In the latest of my running series of weekly polls, I have been asking you whether you think home owners should be paying more for their windows and doors. Last Monday night I launched a new week-long poll asking that question, and a week later we have a pretty definitive result.
The poll and the answer
Here is the question I posed to you on Twitter, and the results that came back:
There’s nothing unequivocal about it, that’s nearly three quarters of you saying that home owners should indeed be paying more for their windows and doors.
This particular poll was inspired after my trip to Belgium where it was mentioned that a house full of windows and doors would go for double what is usually charged here in the UK. Given that the Belgian economy, GDP and average yearly wage was less than that of the UK, that was a stat I was surprised to hear. But then again, here in the UK we have long put price before everything else, all in the search for a bargain. In Europe they tend to have a quality-first approach, and cost comes second.
From a personal point of view, I have to agree with the result of this poll. When you look at other big-ticket industries and then look at ours, we have made so little inflationary progress it’s ludicrous. That being said, much of it is down to us as an industry, choosing to sell based on price and undercutting the competition, rather than choosing to sell based on quality and service and trying to command a healthier price from the home owner. You only need to go on to Facebook at the moment and see an advert from a national installer promising to beat other quotes. Not exactly a profitable route is it?
Learn from cars, kitchens and phones
Other big ticket purchases people will make are cars and kitchen. I use the car example a lot. Take a Lexus IS200 from 1999. That would retail at £20,500. Today’s IS range from Lexus starts at £32,895. I have used this site as a bit of a reference. In the space of 20 years that particular product has risen a steady £12k over two decades. £33k is about right for a decent sized, good quality family car. A good example of a big ticket product rightly going up in price over time.
Kitchens are another good example. Today, you can expect to sink a good £15k into a total kitchen revamp if you include appliances, plastering and all other products and labour involved. Twenty years ago, it would have been a good chunk less than that.
If I was to look back through our records at what we would charge home owners for a house full of windows and doors, I know the prices would be lower, but not much lower, which is sad when you think about it. Other sectors around us have got down to business and understood that prices rise over time for a reason, and that is to remain profitable. With us, our industry (barring some exceptions) has dumped in its own back yard and continued to supress natural inflationary rises by selling for the lowest price possible.

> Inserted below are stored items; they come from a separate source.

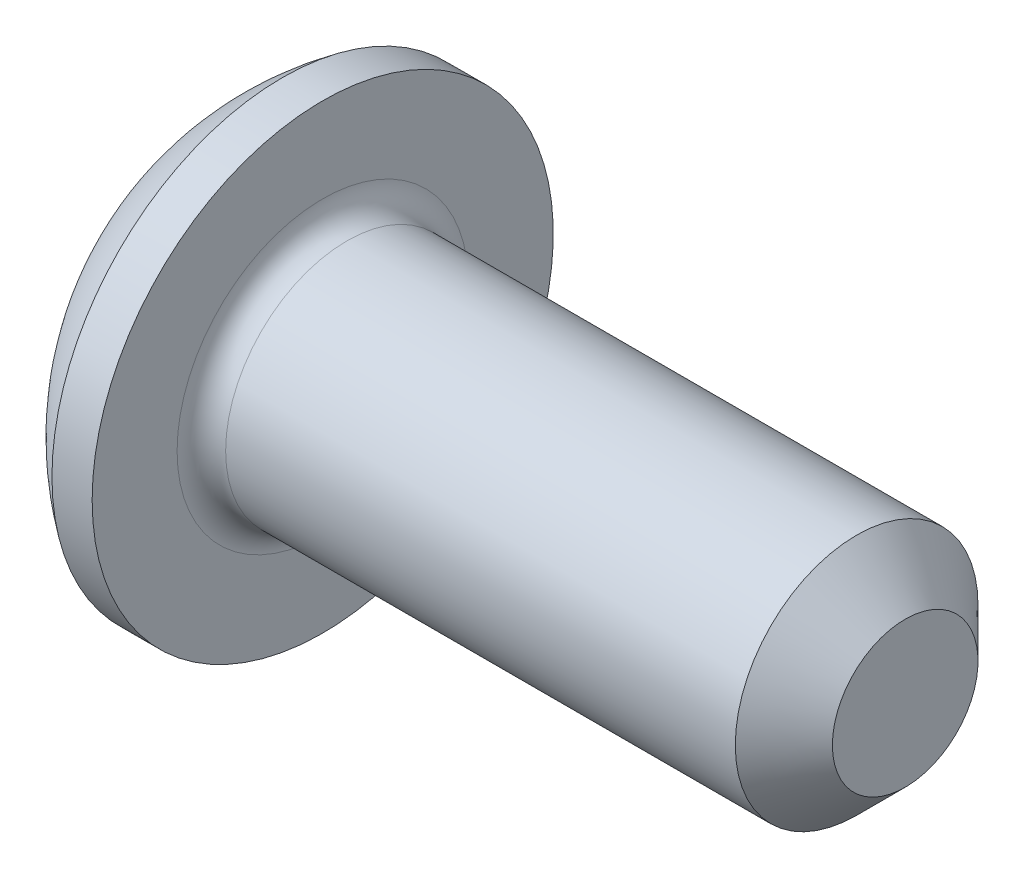
ISO-10303-21;
HEADER;
FILE_DESCRIPTION(('STEP AP214'),'2;1');
FILE_NAME('part.step','',(''),(''),'','','');
FILE_SCHEMA(('AUTOMOTIVE_DESIGN { 1 0 10303 214 1 1 1 1 }'));
ENDSEC;
DATA;
#1=APPLICATION_CONTEXT('core data for automotive mechanical design processes');
#2=APPLICATION_PROTOCOL_DEFINITION('international standard','automotive_design',2000,#1);
#3=PRODUCT_CONTEXT('',#1,'mechanical');
#4=PRODUCT('Part','Part','',(#3));
#5=PRODUCT_RELATED_PRODUCT_CATEGORY('part','',(#4));
#6=PRODUCT_DEFINITION_FORMATION('','',#4);
#7=PRODUCT_DEFINITION_CONTEXT('part definition',#1,'design');
#8=PRODUCT_DEFINITION('design','',#6,#7);
#9=PRODUCT_DEFINITION_SHAPE('','',#8);
#10=(LENGTH_UNIT() NAMED_UNIT(*) SI_UNIT(.MILLI.,.METRE.));
#11=(NAMED_UNIT(*) PLANE_ANGLE_UNIT() SI_UNIT($,.RADIAN.));
#12=(NAMED_UNIT(*) SI_UNIT($,.STERADIAN.) SOLID_ANGLE_UNIT());
#13=UNCERTAINTY_MEASURE_WITH_UNIT(LENGTH_MEASURE(1.E-05),#10,'distance_accuracy_value','');
#14=(GEOMETRIC_REPRESENTATION_CONTEXT(3) GLOBAL_UNCERTAINTY_ASSIGNED_CONTEXT((#13)) GLOBAL_UNIT_ASSIGNED_CONTEXT((#10,
#11,#12)) REPRESENTATION_CONTEXT('',''));
#15=CARTESIAN_POINT('',(0.,0.,0.));
#16=DIRECTION('',(0.,0.,1.));
#17=DIRECTION('',(1.,0.,0.));
#18=AXIS2_PLACEMENT_3D('',#15,#16,#17);
#19=CARTESIAN_POINT('',(0.5,0.,0.));
#20=DIRECTION('',(-1.,0.,0.));
#21=DIRECTION('',(0.,0.,1.));
#22=AXIS2_PLACEMENT_3D('',#19,#20,#21);
#23=TOROIDAL_SURFACE('',#22,3.,0.5);
#24=CARTESIAN_POINT('',(0.,0.,0.));
#25=DIRECTION('',(-1.,0.,0.));
#26=DIRECTION('',(0.,0.,1.));
#27=AXIS2_PLACEMENT_3D('',#24,#25,#26);
#28=CIRCLE('',#27,3.);
#29=CARTESIAN_POINT('',(0.,0.,3.));
#30=VERTEX_POINT('',#29);
#31=EDGE_CURVE('E45',#30,#30,#28,.T.);
#32=ORIENTED_EDGE('',*,*,#31,.F.);
#33=EDGE_LOOP('',(#32));
#34=FACE_BOUND('',#33,.T.);
#35=CARTESIAN_POINT('',(0.5,0.,0.));
#36=DIRECTION('',(-1.,0.,0.));
#37=DIRECTION('',(0.,0.,1.));
#38=AXIS2_PLACEMENT_3D('',#35,#36,#37);
#39=CIRCLE('',#38,2.5);
#40=CARTESIAN_POINT('',(0.5,0.,2.5));
#41=VERTEX_POINT('',#40);
#42=EDGE_CURVE('E140',#41,#41,#39,.T.);
#43=ORIENTED_EDGE('',*,*,#42,.T.);
#44=EDGE_LOOP('',(#43));
#45=FACE_BOUND('',#44,.T.);
#46=ADVANCED_FACE('F38',(#34,#45),#23,.F.);
#47=CARTESIAN_POINT('',(0.,4.75,0.));
#48=DIRECTION('',(-1.,0.,0.));
#49=DIRECTION('',(0.,0.,1.));
#50=AXIS2_PLACEMENT_3D('',#47,#48,#49);
#51=PLANE('',#50);
#52=CARTESIAN_POINT('',(0.,0.,0.));
#53=DIRECTION('',(-1.,0.,0.));
#54=DIRECTION('',(0.,0.,1.));
#55=AXIS2_PLACEMENT_3D('',#52,#53,#54);
#56=CIRCLE('',#55,4.75);
#57=CARTESIAN_POINT('',(0.,0.,4.75));
#58=VERTEX_POINT('',#57);
#59=EDGE_CURVE('E158',#58,#58,#56,.T.);
#60=ORIENTED_EDGE('',*,*,#59,.F.);
#61=EDGE_LOOP('',(#60));
#62=FACE_BOUND('',#61,.T.);
#63=ORIENTED_EDGE('',*,*,#31,.T.);
#64=EDGE_LOOP('',(#63));
#65=FACE_BOUND('',#64,.T.);
#66=ADVANCED_FACE('F163',(#62,#65),#51,.F.);
#67=CARTESIAN_POINT('',(-6.61159955338187,0.,0.));
#68=DIRECTION('',(-1.,0.,0.));
#69=DIRECTION('',(0.,0.,1.));
#70=AXIS2_PLACEMENT_3D('',#67,#68,#69);
#71=CYLINDRICAL_SURFACE('',#70,4.75);
#72=CARTESIAN_POINT('',(-0.828287848128524,0.,0.));
#73=DIRECTION('',(-1.,0.,0.));
#74=DIRECTION('',(0.,0.,1.));
#75=AXIS2_PLACEMENT_3D('',#72,#73,#74);
#76=CIRCLE('',#75,4.75);
#77=CARTESIAN_POINT('',(-0.828287848128523,4.75,0.));
#78=VERTEX_POINT('',#77);
#79=EDGE_CURVE('E155',#78,#78,#76,.T.);
#80=ORIENTED_EDGE('',*,*,#79,.F.);
#81=EDGE_LOOP('',(#80));
#82=FACE_BOUND('',#81,.T.);
#83=ORIENTED_EDGE('',*,*,#59,.T.);
#84=EDGE_LOOP('',(#83));
#85=FACE_BOUND('',#84,.T.);
#86=ADVANCED_FACE('F188',(#82,#85),#71,.T.);
#87=CARTESIAN_POINT('',(2.5,0.,0.));
#88=DIRECTION('',(-1.,0.,0.));
#89=DIRECTION('',(0.,1.,0.));
#90=AXIS2_PLACEMENT_3D('',#87,#88,#89);
#91=SPHERICAL_SURFACE('',#90,5.8);
#92=CARTESIAN_POINT('',(-2.75,0.,0.));
#93=DIRECTION('',(1.,0.,0.));
#94=DIRECTION('',(0.,1.,0.));
#95=AXIS2_PLACEMENT_3D('',#92,#93,#94);
#96=CIRCLE('',#95,2.46525860712421);
#97=CARTESIAN_POINT('',(-2.75,2.46525860712421,0.));
#98=VERTEX_POINT('',#97);
#99=EDGE_CURVE('E11',#98,#98,#96,.T.);
#100=CARTESIAN_POINT('',(-2.75,2.46525860712421,0.));
#101=CARTESIAN_POINT('',(-2.73663126286423,2.4937286470545,0.));
#102=CARTESIAN_POINT('',(-2.7230308992024,2.52208992064934,0.));
#103=CARTESIAN_POINT('',(-2.69537061423832,2.57858747600456,0.));
#104=CARTESIAN_POINT('',(-2.68131069293609,2.60672375776493,0.));
#105=CARTESIAN_POINT('',(-2.65273498810295,2.66276387028758,0.));
#106=CARTESIAN_POINT('',(-2.63821920457205,2.69066770104987,0.));
#107=CARTESIAN_POINT('',(-2.60873562393221,2.74623552988898,0.));
#108=CARTESIAN_POINT('',(-2.59376782682326,2.77389952796579,0.));
#109=CARTESIAN_POINT('',(-2.56338417857594,2.8289803689457,0.));
#110=CARTESIAN_POINT('',(-2.54796832743756,2.85639721184878,0.));
#111=CARTESIAN_POINT('',(-2.51669265160231,2.91097648655088,0.));
#112=CARTESIAN_POINT('',(-2.50083282690543,2.93813891834989,0.));
#113=CARTESIAN_POINT('',(-2.46867340129971,2.99220218193927,0.));
#114=CARTESIAN_POINT('',(-2.45237380039086,3.01910301372964,0.));
#115=CARTESIAN_POINT('',(-2.41933913626736,3.07263595771478,0.));
#116=CARTESIAN_POINT('',(-2.40260407305271,3.09926806990954,0.));
#117=CARTESIAN_POINT('',(-2.36870291342873,3.1522565262141,0.));
#118=CARTESIAN_POINT('',(-2.35153681701939,3.17861287032389,0.));
#119=CARTESIAN_POINT('',(-2.31677813420693,3.23104281496011,0.));
#120=CARTESIAN_POINT('',(-2.2991855478038,3.25711641548654,0.));
#121=CARTESIAN_POINT('',(-2.26357854107675,3.30897397228733,0.));
#122=CARTESIAN_POINT('',(-2.24556412075282,3.33475792856168,0.));
#123=CARTESIAN_POINT('',(-2.20911821390105,3.38602937284758,0.));
#124=CARTESIAN_POINT('',(-2.19068672737321,3.41151686085912,0.));
#125=CARTESIAN_POINT('',(-2.15341156621149,3.46218862307218,0.));
#126=CARTESIAN_POINT('',(-2.13456789157762,3.4873728972737,0.));
#127=CARTESIAN_POINT('',(-2.09647334139192,3.53743156656842,0.));
#128=CARTESIAN_POINT('',(-2.0772224658401,3.56230596166163,0.));
#129=CARTESIAN_POINT('',(-2.03831860877686,3.6117382894544,0.));
#130=CARTESIAN_POINT('',(-2.01866562726544,3.63629622215397,0.));
#131=CARTESIAN_POINT('',(-1.97896275966314,3.68508912562941,0.));
#132=CARTESIAN_POINT('',(-1.95891287357227,3.70932409640528,0.));
#133=CARTESIAN_POINT('',(-1.91842150323643,3.75746466197877,0.));
#134=CARTESIAN_POINT('',(-1.89798001899147,3.78137025677638,0.));
#135=CARTESIAN_POINT('',(-1.85671086241364,3.82884574351179,0.));
#136=CARTESIAN_POINT('',(-1.83588319008077,3.85241563544958,0.));
#137=CARTESIAN_POINT('',(-1.79384716960225,3.89921347843127,0.));
#138=CARTESIAN_POINT('',(-1.77263882145661,3.92244142947517,0.));
#139=CARTESIAN_POINT('',(-1.72984706237779,3.96854924313348,0.));
#140=CARTESIAN_POINT('',(-1.70826365144462,3.99142910574789,0.));
#141=CARTESIAN_POINT('',(-1.6647274790805,4.03683468713708,0.));
#142=CARTESIAN_POINT('',(-1.64277471764955,4.05936040591186,0.));
#143=CARTESIAN_POINT('',(-1.59850565433241,4.10405173793981,0.));
#144=CARTESIAN_POINT('',(-1.57618935244621,4.12621735119298,0.));
#145=CARTESIAN_POINT('',(-1.53119911447597,4.17018260580145,0.));
#146=CARTESIAN_POINT('',(-1.50852517839191,4.19198224715676,0.));
#147=CARTESIAN_POINT('',(-1.46282567293579,4.23520978845256,0.));
#148=CARTESIAN_POINT('',(-1.43980010356371,4.25663768839306,0.));
#149=CARTESIAN_POINT('',(-1.39340342550291,4.29911607572488,0.));
#150=CARTESIAN_POINT('',(-1.37003231681418,4.32016656311622,0.));
#151=CARTESIAN_POINT('',(-1.32295074555017,4.36188455411266,0.));
#152=CARTESIAN_POINT('',(-1.29924028297488,4.38255205771778,0.));
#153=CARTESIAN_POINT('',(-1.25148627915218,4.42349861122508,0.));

I have mentioned in previous posts that a friend of mine told me that he was able to buy certain glass products cheaper now than he could nearly thirty years ago. What a ridiculous situation that is. This is a UK thing by the way. Attitudes towards price are so different in other parts of the world. And then when companies at the start of the supply chain start to choose to sell their products in other countries and decide to not supply the UK due to profitability problems, we wonder why!
So, if we are to learn anything from this poll, its that the industry does actually know that home owners should be paying more for their new windows and doors, but the question remains if we’re actually going to do something about it, or continue to moan about not making enough money whilst continuing to choose price as the point to sell on.
A new poll is coming this week!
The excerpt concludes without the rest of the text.